You can grab the TIFF/GIF file format from www.wotsit.org. After decoding the 
TIFF, you can convert the raw byte[] stream to Image.


-->: public Image createImage(byte[] imagedata)

oder public abstract Image createImage(byte[] imagedata,
                                  int imageoffset,
                                  int imagelength)


Beides in der Toolkit Klasse 

Und von Image kannst du dann meinen Source nehmen um es in BufferedImage zu konvertieren


----------



## reibi (31. Okt 2006)

@thE_29

Ich war auf dieser Seite :: Weiss aber nicht so richtig was Du damit aussagen willst.

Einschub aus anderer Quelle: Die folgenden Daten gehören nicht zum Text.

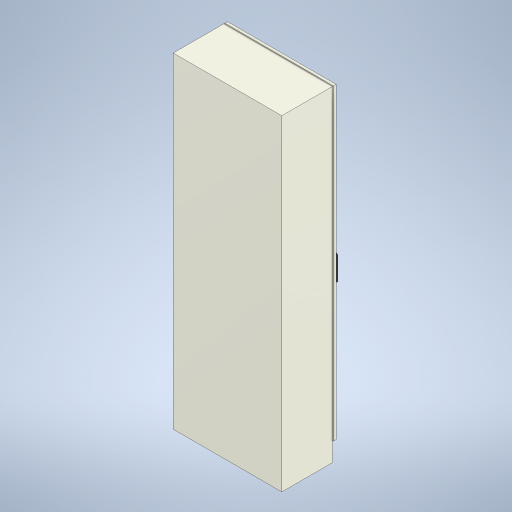
# Autodesk Inventor part: Schaltschrank1
Saved by Autodesk Inventor 2023 (Build 270158000, 158)
## iProperties
Created: 2025-06-27
Part Number: Schaltschrank1
Material: Generisch
Document SubType Name: Modeling
Designer: aurich
Density: 1 g/cm^3
Appearance: Vorgabe
Author: aurich
Autodesk Inventor part; units mm, degrees
ref_plane "YZ Plane" through (0, 0, 0) normal (1, 0, 0) x (0, 1, 0)
ref_plane "XZ Plane" through (0, 0, 0) normal (0, 1, 0) x (-1, 0, 0)
ref_plane "XY Plane" through (0, 0, 0) normal (0, 0, 1) x (1, 0, 0)
sketch "Skizze1" plane through (0, 0, 0) normal (0, 1, 0) x (-1, 0, 0)
  line L0 (0, 0) -> (600, 0)
  line L1 (600, 0) -> (600, -280)
  line L2 (600, -280) -> (0, -280)
  line L3 (0, -280) -> (0, 0)
  dimension "d0" = 600
  dimension "d1" = 280
  constraints: 8 end point, 2 parallel, 1 horizontal, 1 perpendicular
  measures "d0" distance of L1.end L2.end
  measures "d1" distance of L0.end L1.end
extrude "Extrusion1" add sketch "Skizze1" along normal blind 1800
sketch "Skizze2" plane through (0, 0, -280) normal (0, 0, -1) x (-1, 0, 0)
  line L0 (10, 1790) -> (590, 1790)
  line L1 (590, 1790) -> (590, 110)
  line L2 (590, 110) -> (10, 110)
  line L3 (10, 110) -> (10, 1790)
  line L4 (0, 0) -> (0, 1800) projected
  line L5 (600, 0) -> (600, 1800) projected
  line L6 (0, 1800) -> (600, 1800) projected
  line L7 (0, 0) -> (600, 0) projected
  dimension "d4" = 10
  dimension "d5" = 10
  dimension "d6" = 10
  dimension "d7" = 110
  constraints: 8 end point, 2 parallel, 1 horizontal, 1 perpendicular
  measures "d4" distance between parallel lines of L4 L3
  measures "d5" distance between parallel lines of L1 L5
  measures "d6" distance between parallel lines of L6 L0
  measures "d7" distance between parallel lines of L7 L2
extrude "Extrusion2" add sketch "Skizze2" along normal blind 5 contours L0 L1 L2 L3
sketch "Skizze3" plane through (0, 0, -285) normal (0, 0, -1) x (-1, 0, 0)
  line L0 (0, 0) -> (0, 1800) projected
  line L1 (600, 0) -> (600, 1800) projected
  line L2 (0, 1800) -> (600, 1800)
  line L3 (600, 1800) -> (600, 100)
  line L4 (600, 100) -> (0, 100)
  line L5 (0, 100) -> (0, 1800)
  line L6 (10, 110) -> (590, 110) projected
  point P0 (0, 100)
  dimension "d10" = 10
  constraints: 8 end point, 2 parallel, 1 horizontal, 1 perpendicular, 1 point on line
  measures "d10" distance between parallel lines of L4 L6
extrude "Extrusion3" add sketch "Skizze3" along normal blind 15
sketch "Skizze4" plane through (0, 0, -300) normal (0, 0, -1) x (-1, 0, 0)
  line L0 (15, 980) -> (25, 980)
  line L1 (35, 970) -> (35, 850)
  line L2 (25, 840) -> (15, 840)
  line L3 (5, 850) -> (5, 970)
  line L4 (0, 0) -> (600, 0) projected
  line L5 (0, 1800) -> (0, 100) projected
  arc A0 (5, 850) -> (15, 840) centre (15, 850) ccw
  arc A1 (25, 840) -> (35, 850) centre (25, 850) ccw
  arc A2 (35, 970) -> (25, 980) centre (25, 970) ccw
  arc A3 (15, 980) -> (5, 970) centre (15, 970) ccw
  dimension "d13" = 840
  dimension "d14" = 140
  dimension "d15" = 30
  dimension "d16" = 5
  dimension "d17" = 10
  constraints: 8 end point, 8 point on circle, 8 tangent, 4 centre point, 3 equal radius, 2 parallel, 1 horizontal, 1 perpendicular
  measures "d13" distance between parallel lines of L4 L2
  measures "d14" distance between parallel lines of L0 L2
  measures "d15" distance between parallel lines of L1 L3
  measures "d16" distance between parallel lines of L3 L5
  measures "d17" radius of A0
extrude "Extrusion4" add sketch "Skizze4" along normal blind 15
equation "\"d5\" = d4"
equation "\"d6\" = d5"

Gibts dort ein neues Framework downZuLoaden? Mit welchem man TIFs lesen kann?

oder soll man dort das TIF hochladen und man bekommt ne BufferedImage-Instanz zurück?


----------



## thE_29 (31. Okt 2006)

Die Seite ist einfach egal..

Diesen Text habe ich gefunden..

Mach einfach was da steht und vergiß die URL!


----------



## Roar (31. Okt 2006)

thE_29 hat gesagt.:
			
		

> Mach einfach was da steht und vergiß die URL!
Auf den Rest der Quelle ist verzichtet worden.